We should keep in mind it’s important that the person has also suffered some loss of function in their personal or professional life because of the symptoms. This is what makes it a disorder.
Now, what if the person also has a loss of reality-based thinking in conjunction with the major depressive episode?
This will include things like delusions and hallucinations. The delusions can be persecutory in nature or paranoid, but other types may occur too. The persecutory delusions are ones where the person feels attacked or victimized by others. They may even believe people are coming into their home to harm them. This usually presents with the patient reporting things being moved in the home or things being out of place. A common paranoid delusion is one where the person believes they are being followed. This usually presents as a car or person the patient keeps seeing, and they cannot believe that it may just be a coincidence, or someone who travels the same route to work every day.
Delusions are fixed false beliefs, and although there may be rational explanations for the things going on around them, this is the patient’s reality, and you must be careful when challenging it. The belief is fixed, and That is why presenting evidence contrary to the belief is not effective.
The important point here is the psychotic symptoms are only present during the major depressive episode. Treat the depression and the psychotic symptoms resolve. If the psychotic symptoms remain after the major depressive episode is successfully treated, you need to reevaluate the diagnosis.
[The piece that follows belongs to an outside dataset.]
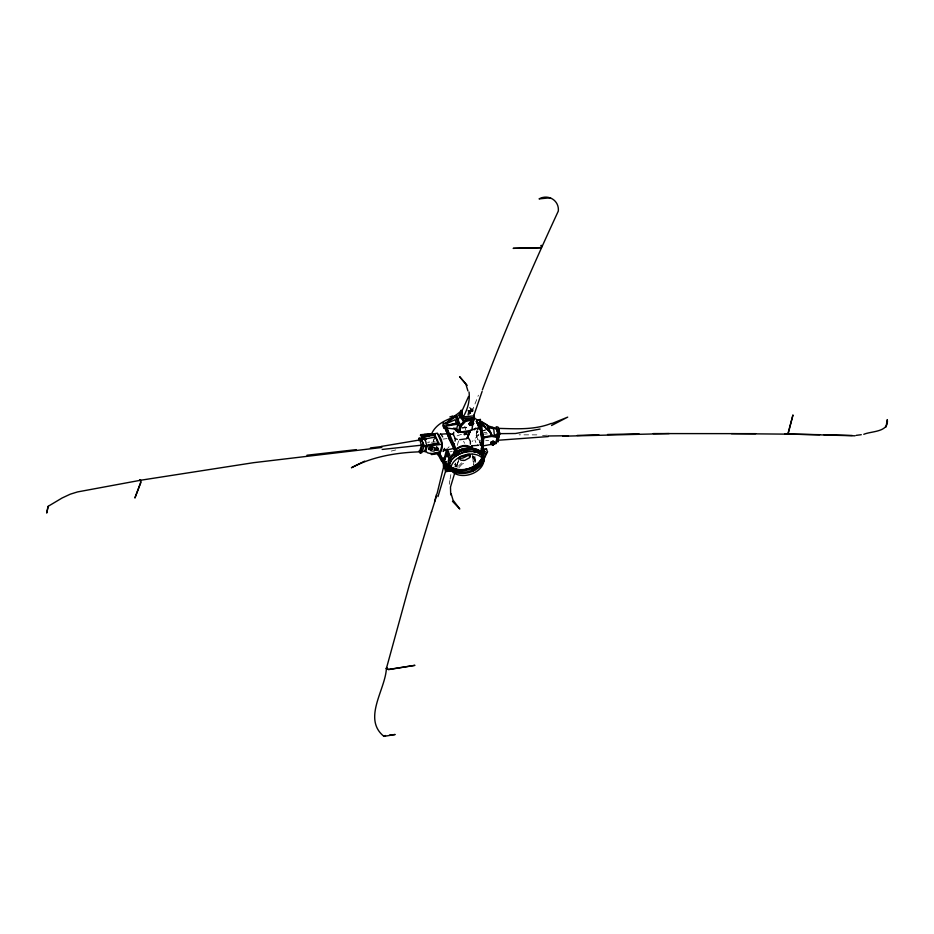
<?xml version="1.0" encoding="UTF-8"?>
<svg xmlns="http://www.w3.org/2000/svg" width="934" height="934" viewBox="0 0 934 934"><rect width="100%" height="100%" fill="white"/><g stroke="black" fill="none" stroke-linecap="round" stroke-linejoin="round"><path stroke-width="0.7" stroke-dasharray="4.67 3.5" d="M477.636 432.465L476.247 432.862L477.286 439.529M434.964 442.763L435.046 441.677L427.877 442.938M476.34 433.166L476.538 430.702M438.151 451.297L437.205 447.386L439.319 452.301M449.254 484.256L449.849 480.473M450.036 479.224L450.982 473.935M465.471 429.932L465.832 427.9L464.63 426.278M456.808 466.837L457.625 462.517L456.212 460.917M469.615 407.714L471.542 410.166L469.942 414.101L470.736 412.057M433.271 442.109L433.96 439.342M469.907 407.539L472.032 410.131L470.432 414.066L470.841 411.906M469.148 414.591L470.573 410.4L470 409.676L467.56 417.253M436.843 450.562L437.848 446.919M457.298 445.413L458.559 440.871M478.325 440.183L476.06 435.337L477.402 430.481M433.785 450.41L436.587 450.06L437.988 445.308M458.886 467.654L462.307 463.871L463.427 460.088M476.34 432.547L477.344 432.033M458.863 458.863L456.481 466.767L454.006 467M472.744 411.801L472.464 408.964L469.65 409.267M434.789 437.182L433.248 441.642L427.795 442.237M458.501 461.162L456.481 466.767L457.158 464.898M472.919 411.497L472.37 410.656L478.406 395.187M467.584 414.603L468.553 411.964L471.857 411.661L472.487 412.828M478.78 434.835L472.055 441.572M447.491 448.53L449.114 446.744M458.431 466.159L461.641 462.855M437.299 448.915L435.921 449.476L437.299 448.915L439.085 452.441M461.431 434.322L456.387 436.108M477.052 432.208L478.243 431.66M391.241 451.075L398.188 449.336M483.1 430.562L485.365 430.025M483.392 430.387L486.229 429.792M430.632 452.044L434.579 451.227M462.307 463.871L463.591 463.626M476.06 435.337L478.92 434.835M433.668 449.324L437.03 448.787M437.416 450.211L435.174 450.573L434.228 448.402M462.132 428.227L469.101 427.235M468.086 410.738L470.573 410.4M449.756 451.858L452.196 451.531M442.973 439.085L447.082 438.606M484.548 434.17L487.35 433.843M462.05 427.679L468.261 427.095M542.561 435.513L548.106 435.069M467.712 410.586L472.02 410.295M468.424 410.902L472.37 410.656M467.911 411.906L471.857 411.661M436.622 449.546L437.964 449.709L435.221 448.985L438.35 449.441L436.47 446.195M483.894 432.5L486.731 432.395M485.785 440.521L488.669 440.463M536.828 434.87L519.152 434.835M433.656 450.2L435.081 450.281L434.649 449.686M435.489 447.491L437.205 447.386M436.587 450.06L434.543 447.491M436.236 447.012L438.303 448.168M468.553 411.964L470.759 413.318M470.771 408.695L472.032 410.131M455.932 466.556L454.309 464.105M472.464 408.964L473.363 410.563M455.278 463.789L456.609 466.813M437.871 447.736L439.564 451.367M463.614 441.222L464.572 443.288M455.465 462.972L457.321 467.28M455.407 464.268L456.422 466.51M434.462 447.047L436.061 450.737M436.108 448.845L437.042 451.005M474.916 439.996L475.85 442.518M474.951 456.504L475.488 461.933M474.565 456.995L475.161 463.754M473.071 456.317L473.538 459.026M472.09 453.212L473.76 465.249M472.686 456.808L473.445 464.945M473.725 456.014L474.717 464.14M474.811 458.781L475.126 462.797"/><path stroke-width="1.4" d="M480.018 423.452L479.025 422.752L478.745 423.697L479.644 427.749L480.251 427.55L478.745 423.697L480.018 423.452L479.516 422.717L481.722 426.675M459.318 457.485C462.692 460.836 469.825 452.243 469.428 456.516L470.129 454.905M453.749 432.197L453.422 434.508L455.302 438.945L455.08 441.105M473.41 451.752L477.239 452.336L480.636 454.379L479.527 453.597L479.562 451.636L481.722 450.912L482.353 451.986M482.971 457.053L483.006 454.426M443.37 459.937L444.082 458.361L443.603 462.202L446.312 461.84L444.362 462.283M459.61 453.982L457.788 451.285L459.003 451.916L459.61 453.982L456.177 455.792L454.368 453.095L456.014 452.978L457.251 451.612L458.045 453.247L456.516 454.624L454.905 452.768M481.687 456.329L481.605 458.606C476.34 469.498 460.369 473.083 450.258 467.047M479.527 453.597L482.913 452.523L483.578 438.279M453.434 428.181L455.769 428.437L458.349 432.372L471.787 430.224L474.157 416.809M447.549 453.445L447.398 456.259L449.406 458.396M448.308 463.906L448.437 459.925C453.924 449.254 470.106 444.491 480.239 451.04M450.258 469.3L449.698 470.608L450.772 470.946L451.215 470.211L450.48 469.685C451.227 455.64 475.885 448.075 483.987 459.937C483.193 474.133 457.964 481.675 450.305 469.137M482.469 454.006L482.341 457.999C479.259 464.583 472.23 468.296 465.319 469.557M482.154 447.795L482.773 437.707M482.785 447.888L483.473 437.824L481.349 424.258L479.971 424.818M885.992 427.048L887.3 419.599C889.121 432.325 871.784 430.971 863.787 434.298M482.259 460.684L481.944 462.108C484.991 453.609 479.983 465.05 476.889 466.031C469.183 470.502 458.361 473.503 450.515 467.864L453.153 470.246M492.078 435.466L483.684 437.124L483.193 437.918L491.798 436.411L492.078 435.466L490.467 432.384L481.022 423.546L480.368 419.459L477.005 419.996L477.659 424.083L481.734 432.372M479.667 442.471L479.959 440.299M448.413 468.576L448.32 469.288L448.507 467.724L450.036 467.047M450.772 470.946L450.071 470.864L450.632 469.557M460.252 413.972L459.808 416.926L463.544 421.047L470.993 420.347L472.499 418.269M447.117 450.398L446.779 452.558L448.845 457.578M443.381 423.219L444.502 426.336L444.14 428.367L442.809 425.729L443.381 423.219L445.553 423.219L461.594 410.715L461.875 411.602M445.962 454.823L446.032 454.531M444.572 448.402L443.066 451.449M455.769 428.437L458.349 432.372L459.645 426.569L457.847 424.118L444.502 426.336M471.787 448.075L472.347 445.576M386.559 667.74L386.372 668.557C385.403 689.712 362.217 718.818 383.956 736.389L395.152 734.509L389.653 735.081M456.142 415.256L460.929 426.336L459.435 432.138L460.929 426.336L466.113 420.895L474.215 419.413M451.414 470.888L445.857 471.635L446.219 470.129L443.778 465.599L443.44 462.844L443.405 466.475M496.258 440.743L498.196 434.579L496.211 426.756L497.939 427.013L498.511 428.041L499.62 432.851L497.904 442.097L497.413 440.743M434.298 437.953L434.987 435.186L422.927 436.937L421.97 440.509M421.374 440.813L422.658 436.038L437.392 433.189L442.179 444.269L439.844 453.527L431.45 454.566L431.438 453.796L427.562 452.827L425.005 450.853L426.511 445.203L438.852 443.276L434.987 435.186M437.065 493.631L443.989 465.342L444.315 468.097L445.845 470.292L437.999 496.608M458.162 430.504L456.539 429.301L457.847 424.118M446.183 451.099L443.93 459.89L444.596 460.906L446.849 452.733L449.464 458.407M434.59 501.628L436.482 494.413M418.502 440.556L419.121 438.198L421.129 438.093L424.188 445.927L421.713 452.803L420.312 453.095L419.483 451.974M784.723 433.843L788.109 433.995L792.978 414.941L787.806 434.147L731.392 433.645M482.504 445.985L496.082 443.533L497.402 436.668L491.436 435.221M483.228 460.672L487.525 451.799L486.205 448.694M472.265 425.46L473.772 419.926M449.511 464.326L448.168 469.172L448.448 470.071L450.935 469.72M496.584 437.696L497.74 433.528L496.269 428.262L488.038 427.55M431.38 512.369L436.785 495.183M424.783 436.376L424.118 434.59L435.069 433.68M364.704 461.127L351.406 467.747C372.374 456.656 396.074 452.628 419.529 451.834L421.491 445.191L419.751 439.961L381.177 446.452M425.752 450.27L426.453 447.9M498.207 438.957L499.772 433.645L498.289 428.379C516.105 428.788 534.33 430.142 551.305 423.406M423.908 436.902L424.375 435.326L426.534 435.781M421.654 435.944L420.604 435.419L420.837 434.649L420.405 435.279L425.752 439.634L420.744 434.964L425.098 434.52L423.931 435.221M420.312 453.095L422.32 446.324L421.864 444.666M431.905 448.343L432.29 449.698L431.216 450.083L430.049 448.939L431.31 447.923L432.29 449.698M444.876 459.341L446.849 452.733M449.231 469.218L450.316 469.288L449.056 469.802L447.304 466.136M459.388 457.345L459.038 458.501L460.976 460.217L464.712 460.38L469.498 457.777L470.292 456.586L469.627 454.356M470.409 444.187L470.292 441.128L467.665 436.563L466.591 438.758L459.668 439.692M471.448 447.783L472.324 447.258L472.335 448.028M480.076 444.747L480.648 442.856M482.458 444.28L483.018 442.389M483.298 452.36L484.104 453.013L483.543 454.321L481.349 453.469L481.991 437.918L480.368 424.328M490.992 442.167L490.7 444.339L492.487 444.841L494.565 443.767L495.032 442.191L493.059 441.105L490.992 442.167L490.7 444.339M492.078 443.79L493.747 443.055L494.319 443.767L493.245 444.923L492.078 443.79L493.245 444.923M492.65 444.502L493.747 443.055M455.955 449.044L457.076 453.317L456.166 453.387L449.814 438.922M481.349 424.258L480.578 425.239M431.578 511.54L409.349 584.871L386.372 668.557L388.766 669.409L414.941 665.335L388.474 669.62L386.372 668.557L386.851 667.518M425.285 451.752L427.165 446.219L426.511 445.203M482.388 389.863C505.166 329.247 531.107 269.809 558.322 211.049C559.338 200.565 548.527 193.747 539.07 198.872L550.511 197.775M431.438 434.287C435.267 424.585 446.043 419.459 455.547 416.844M468.564 396.46L461.863 411.322L461.91 414.229L463.264 416.891L473.69 415.899L482.107 391.451M479.025 422.752L479.644 427.749M467.63 437.474L469.965 431.38M469.907 431.473L467.42 437.789L470.269 431.263M462.447 423.744L463.544 421.047L463.007 418.946M454.671 473.234L450.492 487.011L450.702 494.868M482.96 452.091L483.835 449.161L486.684 449.114M445.611 427.492L445.705 426.569L444.327 427.737L447.024 431.671M483.182 454.052L484.104 453.013M458.606 418.934L460.941 413.622M463.264 416.891C467.572 409.326 470.117 400.779 469.043 392.023M428.484 448.904L431.018 446.265L433.002 446.896L432.524 448.927L430.656 450.13L428.484 448.904L430.376 449.242M428.671 449.499L429.336 448.063L431.298 447.152L433.189 447.491M479.714 428.729L476.34 421.432L477.005 419.996M479.691 420.895L480.368 419.459M484.022 449.149L484.851 451.834L484.186 453.259L483.357 450.585M473.69 415.899L474.122 414.965M478.979 425.729L478.406 426.85L479.469 429.313M462.879 419.109L461.233 410.154L460.532 411.053L461.209 415.128L462.879 419.109L474.063 418.502L474.367 415.957M450.013 463.042L451.309 460.672M444.712 457.555L444.269 458.349L445.261 457.053L443.171 459.797M448.518 460.193C454.006 449.523 470.187 444.759 480.321 451.309M449.324 460.847L451.542 457.135L454.438 454.695M480.835 451.822L481.279 451.087M482.259 457.718C476.644 468.705 460.696 473.013 450.176 466.767M444.175 458.045L444.759 457.088M424.176 438.209L425.752 439.634M483.625 453.562L484.851 451.834M481.419 452.476L482.528 451.554M453.982 444.386L454.473 443.743M469.101 423.616L470.374 421.981L472.744 421.514L473.363 422.705L473.631 423.604L472.277 424.935L469.907 425.402L469.101 423.616L469.907 425.402M447.806 431.461L445.705 426.569M487.525 451.799L485.283 454.274L483.649 460.147L482.738 460.205M457.088 416.716L460.31 413.412M460.462 424.842L465.832 419.996L473.947 418.525M475.675 428.122L474.028 429.78L475.067 428.928L471.051 429.92M469.288 424.211L470.654 422.88L473.024 422.413L473.631 423.604M451.951 459.493C457.03 453.982 464.735 451.332 472.125 451.554M454.951 415.793L458.524 424.071L457.473 422.927L456.726 423.616L455.033 419.775L447.9 423.055L445.74 423.814L445.553 423.219M444.409 449.966L443.662 450.643L452.967 448.624M445.74 423.814L454.835 417.183M383.956 736.389L385.532 735.513M471.156 425.46L472.732 424.421L472.055 423.254L470.573 423.966L471.156 425.46L470.853 424.853L472.732 424.421L471.156 423.616M48.241 506.38L46.7 513.058L48.008 506.403L62.123 497.985L70.248 494.191L77.487 491.938L140.59 480.251L253.558 462.68L381.819 447.468M491.517 435.688L494.401 435.629L497.74 433.528M425.659 439.342L422.413 437.264M449.371 433.913L453.422 434.508L452.266 434.147M430.714 449.347L430.434 448.448L430.819 449.803L431.59 448.822L432.185 449.242M458.536 450.597L463.731 448.542L468.973 448.787M454.881 454.881L455.699 454.403M471.273 447.339L471.868 446.989L472.861 449.044M444.339 463.824L444.677 466.591L446.3 469.043L449.032 467.467M472.978 471.11L471.997 468.786L475.698 466.825L476.352 467.63M472.149 470.176L475.85 468.214L475.698 466.825M551.562 425.507L567.709 417.124L551.597 423.674M468.249 454.274L463.042 456.329L460.088 456.539M469.802 431.426L464.747 432.991L459.937 431.543M447.946 469.02L451.099 468.366L451.659 469.463C461.77 475.675 477.227 471.18 482.738 460.766L482.68 457.216L481.314 455.325M481.465 455.313L483.543 454.321M473.456 468.401L474.717 467.887M473.958 470.047L475.231 469.533M437.532 442.914L436.832 439.751L434.789 437.182L421.631 439.564L423.511 445.086L426.803 446.709M491.179 442.763L495.032 442.191M449.873 416.938L453.107 415.899M456.539 429.301L446.02 427.935L446.58 425.437L457.473 422.927M479.842 426.499L481.314 426.394M439.038 453.807L437.976 454.963L439.447 454.858L439.739 453.912M460.193 451.274L471.448 449.359L478.733 451.554M456.341 452.803L457.438 452.873M444.327 427.737L445.109 427.527M481.816 452.453L482.913 452.523M429.161 435.898L425.11 436.937L422.927 436.937L422.658 436.038M422.32 446.324L424.188 445.927M446.58 425.437L454.099 424.059M540.062 429.068L515.405 433.516L499.772 433.645M459.645 426.569L460.929 426.336M466.953 434.077L464.081 434.579L467.14 434.065M477.834 422.682L481.197 422.145L480.169 421.316L487.455 425.449L490.957 432.967L481.022 423.546M428.776 444.888L438.852 443.276M427.165 446.219L442.179 444.269M856.174 435.372L861.265 434.707M421.491 445.191L382.169 449.441M548.293 436.563L497.81 440.276M370.424 447.935L381.376 446.604M446.3 469.043L448.88 468.728M306.924 455.243L356.298 449.628M446.219 470.129L450.351 469.709M480.882 425.215L480.204 422.822M463.276 418.35L474.589 417.498M483.03 452.675L483.66 452.616M440.288 434.228L449.954 433.563M471.542 445.822L478.453 445.343L477.613 445.109M449.056 468.109L449.966 468.039M448.67 469.393L450.48 469.685M568.456 435.734L548.095 435.98M577.13 435.454L598.822 434.765M607.509 434.497L639.008 433.831M562.84 436.201L669.176 433.563M653.298 433.574L755.641 433.656M421.538 434.917L434.38 434.182L428.659 434.123M421.397 451.437L425.402 451.461L424.526 450.457M852.205 435.478L824.01 434.789M497.682 437.556L491.798 436.411M788.109 433.995L855.065 435.816M819.643 434.684L787.806 434.147M445.681 461.805L443.895 462.026L443.463 459.621M477.939 427.807L479.072 427.865L481.325 431.041M421.444 434.614L435.267 433.82M498.196 434.579L499.713 434.66M454.344 453.515L455.162 453.597M444.339 449.698L446.604 449.931M447.888 430.376L446.335 431.555M493.35 442.774L494.319 443.767M459.937 470.059L454.835 469.277L451.25 467.105L449.196 464.268M483.555 451.332L484.629 451.566M481.699 421.689L487.093 424.865L487.104 425.635L493.164 427.375L493.526 428.566M470.969 446.744L471.868 446.989M430.049 448.939L430.936 449.184M480.485 445.214L481.711 445.576M439.47 451.566L440.685 451.916C443.86 446.756 442.039 438.898 438.256 434.345M487.957 426.791L491.541 427.935M457.333 439.4L455.01 438.513M496.713 429.313L492.253 427.515L493.841 429.838L494.401 435.629M423.791 438.688L425.647 441.152L426.348 444.315M453.212 470.211L451.04 468.424M440.334 434.053L441.117 434.462M474.484 418.234L478.313 420.463M480.94 452.243C470.596 445.46 453.924 450.141 448.507 461.186L448.553 464.735L449.861 466.825M458.489 432.687L454.438 428.858M444.607 426.791L446.615 430.621L444.712 427.247M541.031 245.49L542.082 246.284L540.728 247.638L513.151 248.351L540.412 247.79L542.082 246.284L541.335 245.338M480.578 422.985L485.365 426.803M452.476 501.289L459.773 508.972L453.06 500.157L451.087 493.572M476.34 421.432L477.648 422.892M476.69 428.332L477.823 429.617M467.198 385.392L459.575 376.624L465.879 384.166L467.911 390.902M448.413 466.907L443.136 460.52L439.33 454.017M493.561 443.685L494.133 444.397M455.045 429.278L456.469 431.158M472.312 448.74C467.654 442.693 456.924 445.833 453.691 452.044L453.831 454.041M419.121 438.198L420.522 440.486M447.69 467.105L449.686 469.895M449.056 469.802L441.362 460.789L437.416 453.165M449.896 455.045L447.631 450.492M471.997 468.786L472.464 469.463M449.021 467.794L450.235 469.58M462.19 417.054L462.739 417.895M424.118 434.59L425.472 435.711L425.098 434.52M448.215 463.638L449.616 465.996M471.028 448.985L470.222 447.655C466.475 445.355 461.384 446.09 457.882 448.507A8.067 4.518 -17 0 0 454.975 451.799A8.604 4.822 -17 0 0 454.905 453.655M445.81 427.025L448.192 430.971M441.56 435.022L442.681 436.914M438.093 453.188L441.654 459.855M449.021 455.57L447.047 450.842M439.634 453.259L442.926 459.61L449.651 468.121M438.945 453.142L442.237 459.505M438.116 453.282L442.062 460.906M470.573 423.966L470.876 424.561M456.166 453.387L449.534 439.867L444.549 426.196M445.144 470.176L445.857 471.635M469.487 454.905L470.292 456.586M446.195 426.499L455.862 448.624M482.551 434.719L483.684 437.124L482.259 433.563M451.017 439.762L455.033 448.273M456.773 428.963L458.349 432.372M479.446 427.025L481.477 431.543M480.018 422.845L481.15 425.402M487.104 425.635L488.669 429.231M489.708 431.625L491.272 435.221M446.744 449.207L447.795 451.601M445.985 427.2L447.328 430.422M450.597 438.711L445.728 426.768M449.429 439.412L444.934 426.663M447.853 431.753L449.429 435.758M476.725 421.561L477.472 423.487M455.605 449.499L457.076 453.317M419.132 450.783L419.529 451.834M445.203 426.908L446.137 429.582L445.53 426.885M443.043 461.022L443.405 462.061M457.368 452.173L457.87 453.819M432.337 448.332L432.524 448.927M495.802 442.634L496.082 443.533M494.378 443.171L494.565 443.767M493.059 441.105L493.339 442.004M492.265 443.16L492.545 444.047M492.218 443.942L492.487 444.841M472.744 421.514L473.024 422.413M481.757 452.476L482.271 454.122M472.055 423.254L472.324 424.141M480.928 452.103L481.349 453.469M470.374 421.981L470.654 422.88M465.832 419.996L466.113 420.895M456.516 454.624L456.014 452.978M450.702 468.564L451.215 470.211M445.88 455.757L446.067 456.352M431.018 446.265L431.298 447.152M431.31 447.923L431.59 448.822M429.15 447.468L429.336 448.063M472.09 424.34L472.277 424.935M480.496 429.36L481.909 439.003M461.489 413.54L461.7 415.081M482.493 433.329L483.018 437.404M480.391 428.904L481.605 438.408M481.255 448.565L481.734 452.745M482.715 448.892L482.831 452.815M482.808 455.103L482.866 458.652M483.847 457.415L483.812 461.256C478.01 472.335 461.735 477.064 451.017 470.502L449.056 467.362C449.686 452.488 475.336 445.261 483.847 457.415M140.59 480.251L140.8 482.68L134.893 498.02L140.614 482.574L140.59 480.251L139.633 480.368L140.053 479.702L140.59 480.251M437.17 452.792L431.438 453.796L440.124 452.581L437.17 452.792M455.302 453.889L454.368 453.095L455.302 453.889"/></g></svg>

This is what separates MDD with psychotic features from schizophrenia.
In bipolar disorder with psychotic features, the psychosis often occurs in the manic phase of the illness and has a grandiose theme associated with it. The patient my for example believe they are a prominent religious figure, or the government is plotting against them.
We often call the delusions in depressive episodes mood congruent, meaning they are consistent with how the person is feeling. It’s not a far stretch for a person who is severally depressed to feel like people want to harm them.
Treatment
Treatment is well established and consists of an SSRI or other antidepressant medication in combination with a dopamine blocking medication. The other option is electroconvulsive therapy (ECT) when the person is severally depressed not eating, attending to ADLs, or at risk for suicide.
Patients should remain on medication for at least 6 months after complete resolution of symptoms. This is very important as relapse has been proven to occur when medication is stopped prior to that time. People can taper off the dopamine blocking medication after 6 months as these tend to have worse side effect profiles. The SSRI should be continued for 1 year at which time you can attempt to taper off or reach a lowest effective dose if symptoms begin to reappear. An index phase of ECT should be completed if that is the treatment of choice which consists of 12 total sessions done either 2 or 3 times per week.